33. Having regard to the previous s15A conviction of the co-accused, the Circuit Court judge had no option but to impose a sentence of 10 years but he availed of the jurisdiction in s27 (3J) of the Misuse of Drugs Act, 1977, as amended to list the sentence thus imposed for review after five years in light of the fact, of which he was satisfied, that Mr. McKenzie was addicted at the time of the offence to a controlled drug and such addiction was a substantial factor leading to the commission of the offence. There was clear evidence before the sentencing judge that the provisions of s27 (3J) of the 1977 Act, as amended were engaged in the case of the co-accused. By contrast, there was no evidence to suggest that the appellant was so addicted at the time of commission of the offences that same was a substantial factor leading to the commission of same by him.

34. Subsequent to being apprehended, the appellant engaged with an organisation called Arbour House for the purpose of obtaining treatment for his addiction and a favourable report was available confirming both his progress from April 2017 to the date of sentence and his commitment to recovery from addiction.
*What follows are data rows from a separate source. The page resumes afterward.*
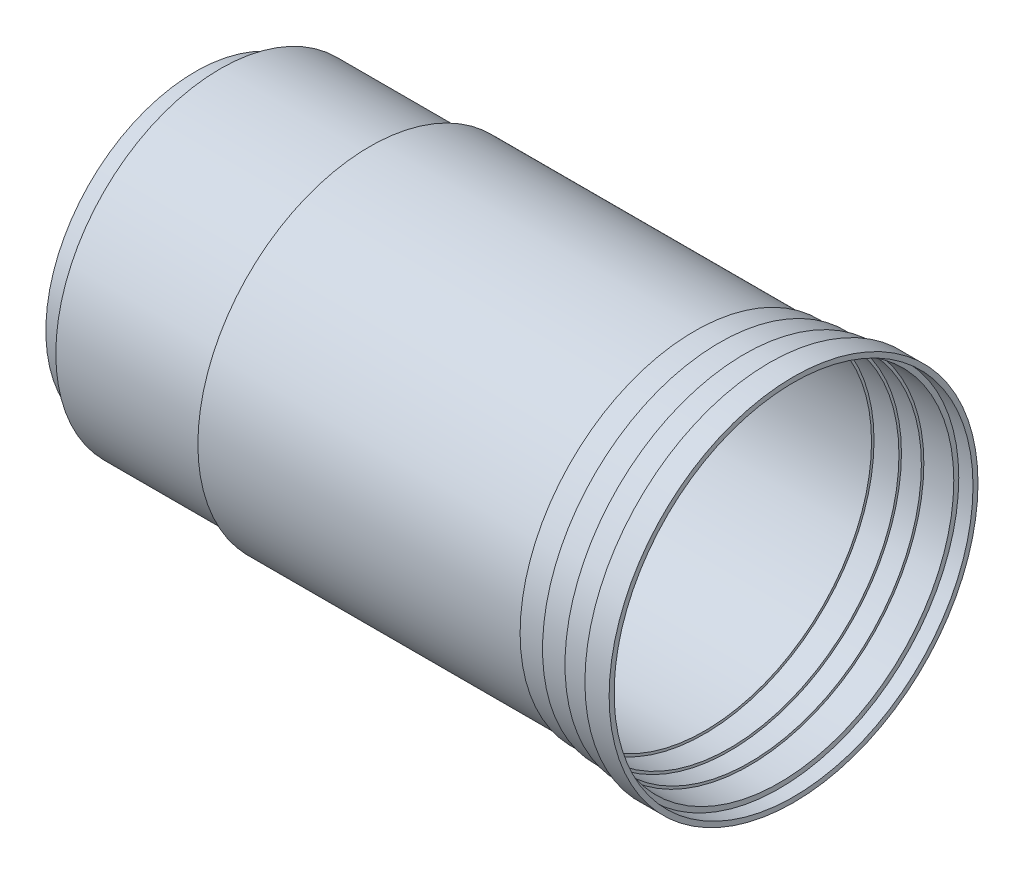
ISO-10303-21;
HEADER;
FILE_DESCRIPTION(('STEP AP214'),'2;1');
FILE_NAME('part.step','',(''),(''),'','','');
FILE_SCHEMA(('AUTOMOTIVE_DESIGN { 1 0 10303 214 1 1 1 1 }'));
ENDSEC;
DATA;
#1=APPLICATION_CONTEXT('core data for automotive mechanical design processes');
#2=APPLICATION_PROTOCOL_DEFINITION('international standard','automotive_design',2000,#1);
#3=PRODUCT_CONTEXT('',#1,'mechanical');
#4=PRODUCT('Part','Part','',(#3));
#5=PRODUCT_RELATED_PRODUCT_CATEGORY('part','',(#4));
#6=PRODUCT_DEFINITION_FORMATION('','',#4);
#7=PRODUCT_DEFINITION_CONTEXT('part definition',#1,'design');
#8=PRODUCT_DEFINITION('design','',#6,#7);
#9=PRODUCT_DEFINITION_SHAPE('','',#8);
#10=(LENGTH_UNIT() NAMED_UNIT(*) SI_UNIT(.MILLI.,.METRE.));
#11=(NAMED_UNIT(*) PLANE_ANGLE_UNIT() SI_UNIT($,.RADIAN.));
#12=(NAMED_UNIT(*) SI_UNIT($,.STERADIAN.) SOLID_ANGLE_UNIT());
#13=UNCERTAINTY_MEASURE_WITH_UNIT(LENGTH_MEASURE(1.E-05),#10,'distance_accuracy_value','');
#14=(GEOMETRIC_REPRESENTATION_CONTEXT(3) GLOBAL_UNCERTAINTY_ASSIGNED_CONTEXT((#13)) GLOBAL_UNIT_ASSIGNED_CONTEXT((#10,
#11,#12)) REPRESENTATION_CONTEXT('',''));
#15=CARTESIAN_POINT('',(0.,0.,0.));
#16=DIRECTION('',(0.,0.,1.));
#17=DIRECTION('',(1.,0.,0.));
#18=AXIS2_PLACEMENT_3D('',#15,#16,#17);
#19=CARTESIAN_POINT('',(-119.,0.,0.));
#20=DIRECTION('',(1.,0.,0.));
#21=DIRECTION('',(0.,0.,-1.));
#22=AXIS2_PLACEMENT_3D('',#19,#20,#21);
#23=PLANE('',#22);
#24=CARTESIAN_POINT('',(-119.,0.,0.));
#25=DIRECTION('',(1.,0.,0.));
#26=DIRECTION('',(0.,0.,-1.));
#27=AXIS2_PLACEMENT_3D('',#24,#25,#26);
#28=CIRCLE('',#27,29.);
#29=CARTESIAN_POINT('',(-119.,0.,-29.));
#30=VERTEX_POINT('',#29);
#31=EDGE_CURVE('E10',#30,#30,#28,.T.);
#32=ORIENTED_EDGE('',*,*,#31,.T.);
#33=EDGE_LOOP('',(#32));
#34=FACE_BOUND('',#33,.T.);
#35=ADVANCED_FACE('F32',(#34),#23,.T.);
#36=CARTESIAN_POINT('',(0.,0.,0.));
#37=DIRECTION('',(1.,0.,0.));
#38=DIRECTION('',(0.,0.,-1.));
#39=AXIS2_PLACEMENT_3D('',#36,#37,#38);
#40=CYLINDRICAL_SURFACE('',#39,29.);
#41=CARTESIAN_POINT('',(-114.,0.,0.));
#42=DIRECTION('',(1.,0.,0.));
#43=DIRECTION('',(0.,0.,-1.));
#44=AXIS2_PLACEMENT_3D('',#41,#42,#43);
#45=CIRCLE('',#44,29.);
#46=CARTESIAN_POINT('',(-114.,0.,-29.));
#47=VERTEX_POINT('',#46);
#48=EDGE_CURVE('E38',#47,#47,#45,.T.);
#49=ORIENTED_EDGE('',*,*,#48,.T.);
#50=EDGE_LOOP('',(#49));
#51=FACE_BOUND('',#50,.T.);
#52=ORIENTED_EDGE('',*,*,#31,.F.);
#53=EDGE_LOOP('',(#52));
#54=FACE_BOUND('',#53,.T.);
#55=ADVANCED_FACE('F136',(#51,#54),#40,.F.);
#56=CARTESIAN_POINT('',(-114.,29.,0.));
#57=DIRECTION('',(1.,0.,0.));
#58=DIRECTION('',(0.,0.,-1.));
#59=AXIS2_PLACEMENT_3D('',#56,#57,#58);
#60=PLANE('',#59);
#61=CARTESIAN_POINT('',(-114.,0.,0.));
#62=DIRECTION('',(1.,0.,0.));
#63=DIRECTION('',(0.,0.,-1.));
#64=AXIS2_PLACEMENT_3D('',#61,#62,#63);
#65=CIRCLE('',#64,32.);
#66=CARTESIAN_POINT('',(-114.,0.,-32.));
#67=VERTEX_POINT('',#66);
#68=EDGE_CURVE('E42',#67,#67,#65,.T.);
#69=ORIENTED_EDGE('',*,*,#68,.T.);
#70=EDGE_LOOP('',(#69));
#71=FACE_BOUND('',#70,.T.);
#72=ORIENTED_EDGE('',*,*,#48,.F.);
#73=EDGE_LOOP('',(#72));
#74=FACE_BOUND('',#73,.T.);
#75=ADVANCED_FACE('F140',(#71,#74),#60,.T.);
#76=CARTESIAN_POINT('',(0.,0.,0.));
#77=DIRECTION('',(1.,0.,0.));
#78=DIRECTION('',(0.,0.,-1.));
#79=AXIS2_PLACEMENT_3D('',#76,#77,#78);
#80=CYLINDRICAL_SURFACE('',#79,32.);
#81=CARTESIAN_POINT('',(-84.,0.,0.));
#82=DIRECTION('',(1.,0.,0.));
#83=DIRECTION('',(0.,0.,-1.));
#84=AXIS2_PLACEMENT_3D('',#81,#82,#83);
#85=CIRCLE('',#84,32.);
#86=CARTESIAN_POINT('',(-84.,0.,-32.));
#87=VERTEX_POINT('',#86);
#88=EDGE_CURVE('E46',#87,#87,#85,.T.);
#89=ORIENTED_EDGE('',*,*,#88,.T.);
#90=EDGE_LOOP('',(#89));
#91=FACE_BOUND('',#90,.T.);
#92=ORIENTED_EDGE('',*,*,#68,.F.);
#93=EDGE_LOOP('',(#92));
#94=FACE_BOUND('',#93,.T.);
#95=ADVANCED_FACE('F144',(#91,#94),#80,.F.);
#96=CARTESIAN_POINT('',(-84.,32.,0.));
#97=DIRECTION('',(1.,0.,0.));
#98=DIRECTION('',(0.,0.,-1.));
#99=AXIS2_PLACEMENT_3D('',#96,#97,#98);
#100=PLANE('',#99);
#101=CARTESIAN_POINT('',(-84.,0.,0.));
#102=DIRECTION('',(1.,0.,0.));
#103=DIRECTION('',(0.,0.,-1.));
#104=AXIS2_PLACEMENT_3D('',#101,#102,#103);
#105=CIRCLE('',#104,33.5);
#106=CARTESIAN_POINT('',(-84.,0.,-33.5));
#107=VERTEX_POINT('',#106);
#108=EDGE_CURVE('E51',#107,#107,#105,.T.);
#109=ORIENTED_EDGE('',*,*,#108,.T.);
#110=EDGE_LOOP('',(#109));
#111=FACE_BOUND('',#110,.T.);
#112=ORIENTED_EDGE('',*,*,#88,.F.);
#113=EDGE_LOOP('',(#112));
#114=FACE_BOUND('',#113,.T.);
#115=ADVANCED_FACE('F151',(#111,#114),#100,.T.);
#116=CARTESIAN_POINT('',(0.,0.,0.));
#117=DIRECTION('',(1.,0.,0.));
#118=DIRECTION('',(0.,0.,-1.));
#119=AXIS2_PLACEMENT_3D('',#116,#117,#118);
#120=CYLINDRICAL_SURFACE('',#119,33.5);
#121=CARTESIAN_POINT('',(-17.8572625441049,0.,0.));
#122=DIRECTION('',(1.,0.,0.));
#123=DIRECTION('',(0.,0.,-1.));
#124=AXIS2_PLACEMENT_3D('',#121,#122,#123);
#125=CIRCLE('',#124,33.5);
#126=CARTESIAN_POINT('',(-17.8572625441049,0.,-33.5));
#127=VERTEX_POINT('',#126);
#128=EDGE_CURVE('E54',#127,#127,#125,.T.);
#129=ORIENTED_EDGE('',*,*,#128,.T.);
#130=EDGE_LOOP('',(#129));
#131=FACE_BOUND('',#130,.T.);
#132=ORIENTED_EDGE('',*,*,#108,.F.);
#133=EDGE_LOOP('',(#132));
#134=FACE_BOUND('',#133,.T.);
#135=ADVANCED_FACE('F155',(#131,#134),#120,.F.);
#136=CARTESIAN_POINT('',(-17.8572625441049,33.5,0.));
#137=DIRECTION('',(1.,0.,0.));
#138=DIRECTION('',(0.,0.,-1.));
#139=AXIS2_PLACEMENT_3D('',#136,#137,#138);
#140=PLANE('',#139);
#141=CARTESIAN_POINT('',(-17.8572625441049,0.,0.));
#142=DIRECTION('',(1.,0.,0.));
#143=DIRECTION('',(0.,0.,-1.));
#144=AXIS2_PLACEMENT_3D('',#141,#142,#143);
#145=CIRCLE('',#144,34.);
#146=CARTESIAN_POINT('',(-17.8572625441049,0.,-34.));
#147=VERTEX_POINT('',#146);
#148=EDGE_CURVE('E57',#147,#147,#145,.T.);
#149=ORIENTED_EDGE('',*,*,#148,.T.);
#150=EDGE_LOOP('',(#149));
#151=FACE_BOUND('',#150,.T.);
#152=ORIENTED_EDGE('',*,*,#128,.F.);
#153=EDGE_LOOP('',(#152));
#154=FACE_BOUND('',#153,.T.);
#155=ADVANCED_FACE('F159',(#151,#154),#140,.T.);
#156=CARTESIAN_POINT('',(0.,0.,0.));
#157=DIRECTION('',(1.,0.,0.));
#158=DIRECTION('',(0.,0.,-1.));
#159=AXIS2_PLACEMENT_3D('',#156,#157,#158);
#160=CYLINDRICAL_SURFACE('',#159,34.);
#161=CARTESIAN_POINT('',(-12.8572625441049,0.,0.));
#162=DIRECTION('',(1.,0.,0.));
#163=DIRECTION('',(0.,0.,-1.));
#164=AXIS2_PLACEMENT_3D('',#161,#162,#163);
#165=CIRCLE('',#164,34.);
#166=CARTESIAN_POINT('',(-12.8572625441049,0.,-34.));
#167=VERTEX_POINT('',#166);
#168=EDGE_CURVE('E60',#167,#167,#165,.T.);
#169=ORIENTED_EDGE('',*,*,#168,.T.);
#170=EDGE_LOOP('',(#169));
#171=FACE_BOUND('',#170,.T.);
#172=ORIENTED_EDGE('',*,*,#148,.F.);
#173=EDGE_LOOP('',(#172));
#174=FACE_BOUND('',#173,.T.);
#175=ADVANCED_FACE('F163',(#171,#174),#160,.F.);
#176=CARTESIAN_POINT('',(-12.8572625441049,34.,0.));
#177=DIRECTION('',(1.,0.,0.));
#178=DIRECTION('',(0.,0.,-1.));
#179=AXIS2_PLACEMENT_3D('',#176,#177,#178);
#180=PLANE('',#179);
#181=CARTESIAN_POINT('',(-12.8572625441049,0.,0.));
#182=DIRECTION('',(1.,0.,0.));
#183=DIRECTION('',(0.,0.,-1.));
#184=AXIS2_PLACEMENT_3D('',#181,#182,#183);
#185=CIRCLE('',#184,34.5);
#186=CARTESIAN_POINT('',(-12.8572625441049,0.,-34.5));
#187=VERTEX_POINT('',#186);
#188=EDGE_CURVE('E63',#187,#187,#185,.T.);
#189=ORIENTED_EDGE('',*,*,#188,.T.);
#190=EDGE_LOOP('',(#189));
#191=FACE_BOUND('',#190,.T.);
#192=ORIENTED_EDGE('',*,*,#168,.F.);
#193=EDGE_LOOP('',(#192));
#194=FACE_BOUND('',#193,.T.);
#195=ADVANCED_FACE('F167',(#191,#194),#180,.T.);
#196=CARTESIAN_POINT('',(0.,0.,0.));
#197=DIRECTION('',(1.,0.,0.));
#198=DIRECTION('',(0.,0.,-1.));
#199=AXIS2_PLACEMENT_3D('',#196,#197,#198);
#200=CYLINDRICAL_SURFACE('',#199,34.5);
#201=CARTESIAN_POINT('',(-8.86309773650342,0.,0.));
#202=DIRECTION('',(1.,0.,0.));
#203=DIRECTION('',(0.,0.,-1.));
#204=AXIS2_PLACEMENT_3D('',#201,#202,#203);
#205=CIRCLE('',#204,34.5);
#206=CARTESIAN_POINT('',(-8.86309773650342,0.,-34.5));
#207=VERTEX_POINT('',#206);
#208=EDGE_CURVE('E66',#207,#207,#205,.T.);
#209=ORIENTED_EDGE('',*,*,#208,.T.);
#210=EDGE_LOOP('',(#209));
#211=FACE_BOUND('',#210,.T.);
#212=ORIENTED_EDGE('',*,*,#188,.F.);
#213=EDGE_LOOP('',(#212));
#214=FACE_BOUND('',#213,.T.);
#215=ADVANCED_FACE('F171',(#211,#214),#200,.F.);
#216=CARTESIAN_POINT('',(-8.86309773650342,34.5,0.));
#217=DIRECTION('',(1.,0.,0.));
#218=DIRECTION('',(0.,0.,-1.));
#219=AXIS2_PLACEMENT_3D('',#216,#217,#218);
#220=PLANE('',#219);
#221=CARTESIAN_POINT('',(-8.86309773650342,0.,0.));
#222=DIRECTION('',(1.,0.,0.));
#223=DIRECTION('',(0.,0.,-1.));
#224=AXIS2_PLACEMENT_3D('',#221,#222,#223);
#225=CIRCLE('',#224,35.);
#226=CARTESIAN_POINT('',(-8.86309773650342,0.,-35.));
#227=VERTEX_POINT('',#226);
#228=EDGE_CURVE('E69',#227,#227,#225,.T.);
#229=ORIENTED_EDGE('',*,*,#228,.T.);
#230=EDGE_LOOP('',(#229));
#231=FACE_BOUND('',#230,.T.);
#232=ORIENTED_EDGE('',*,*,#208,.F.);
#233=EDGE_LOOP('',(#232));
#234=FACE_BOUND('',#233,.T.);
#235=ADVANCED_FACE('F175',(#231,#234),#220,.T.);
#236=CARTESIAN_POINT('',(0.,0.,0.));
#237=DIRECTION('',(1.,0.,0.));
#238=DIRECTION('',(0.,0.,-1.));
#239=AXIS2_PLACEMENT_3D('',#236,#237,#238);
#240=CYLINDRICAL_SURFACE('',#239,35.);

His wife gave evidence in support of this.

35. The Court is satisfied that the relative situations of Mr. McKenzie and Mr. Power were entirely different, both in terms of the roles they played in the commission of the section 15A offence and their relevant personal circumstances. There is ample evidence to support the proposition that Mr. Power could fairly be described as someone acting in a managerial or organisational capacity and it was properly open to the judge to draw that conclusion from the totality of the evidence incriminating him.

36. The judge observed –

      "it appears that Mr Power was an organiser; I cannot say he was the sole organiser, he was an organiser. And he was cynical enough in his management of this trade but he placed a distance between himself and his living quarters and where the drug was being stored. So there was a cottage which was not occupied by him, but in which he had the drug addict [Mr.] McKenzie minding the stuff and he came then to distribute and it was in the act of distribution that he was caught. So, he has a good level of management in this organisation of dealing in drugs."
37. The conclusion reached by the learned trial judge is criticised on the basis that he must have relied on Detective Garda O’Toole’s evidence that "I would be confident that he [the appellant] was the man profiting from this and that he was the main organiser of this enterprise”. In the Court’s view, the totality of the evidence entitled the sentencing judge to reach this conclusion independently of the observations in question. Further, in the absence of objection, to rely on what the witness said when summarising the prosecution case.

38. The separate basis upon which the sentence is impugned is a claimed unlawful disparity between the sentence imposed on Mr. McKenzie and the appellant. In the Court’s view, there can be no valid or legitimate basis for such criticism, having regard to the materially different circumstances demonstrated to obtain in respect of each accused.

39. It is of the essence of proper sentencing that each individual is sentenced by reference to his personal culpability and personal circumstances. There may well be circumstances in which a disparity of sentence might give rise to a basis for criticism, but having regard to the respective roles of the parties and the fact that the mandatory minimum sentence was rightly imposed on the co-accused by the learned trial judge, there is no indication of disparity. The review of Mr. McKenzie's sentence of five years from the date of sentence does not in any sense import of the implication that he will be released at that stage. Such conjecture was entirely misplaced and based on a misunderstanding of the relevant statutory provision.

40. This Court considers it significant, as did the sentencing judge, that the co-accused appears to have cooperated with the Gardaí in a way which the appellant elected not to. For the reasons stated, no error of principle having been identified, this Court finds no basis to interfere with the sentence imposed and would dismiss this appeal.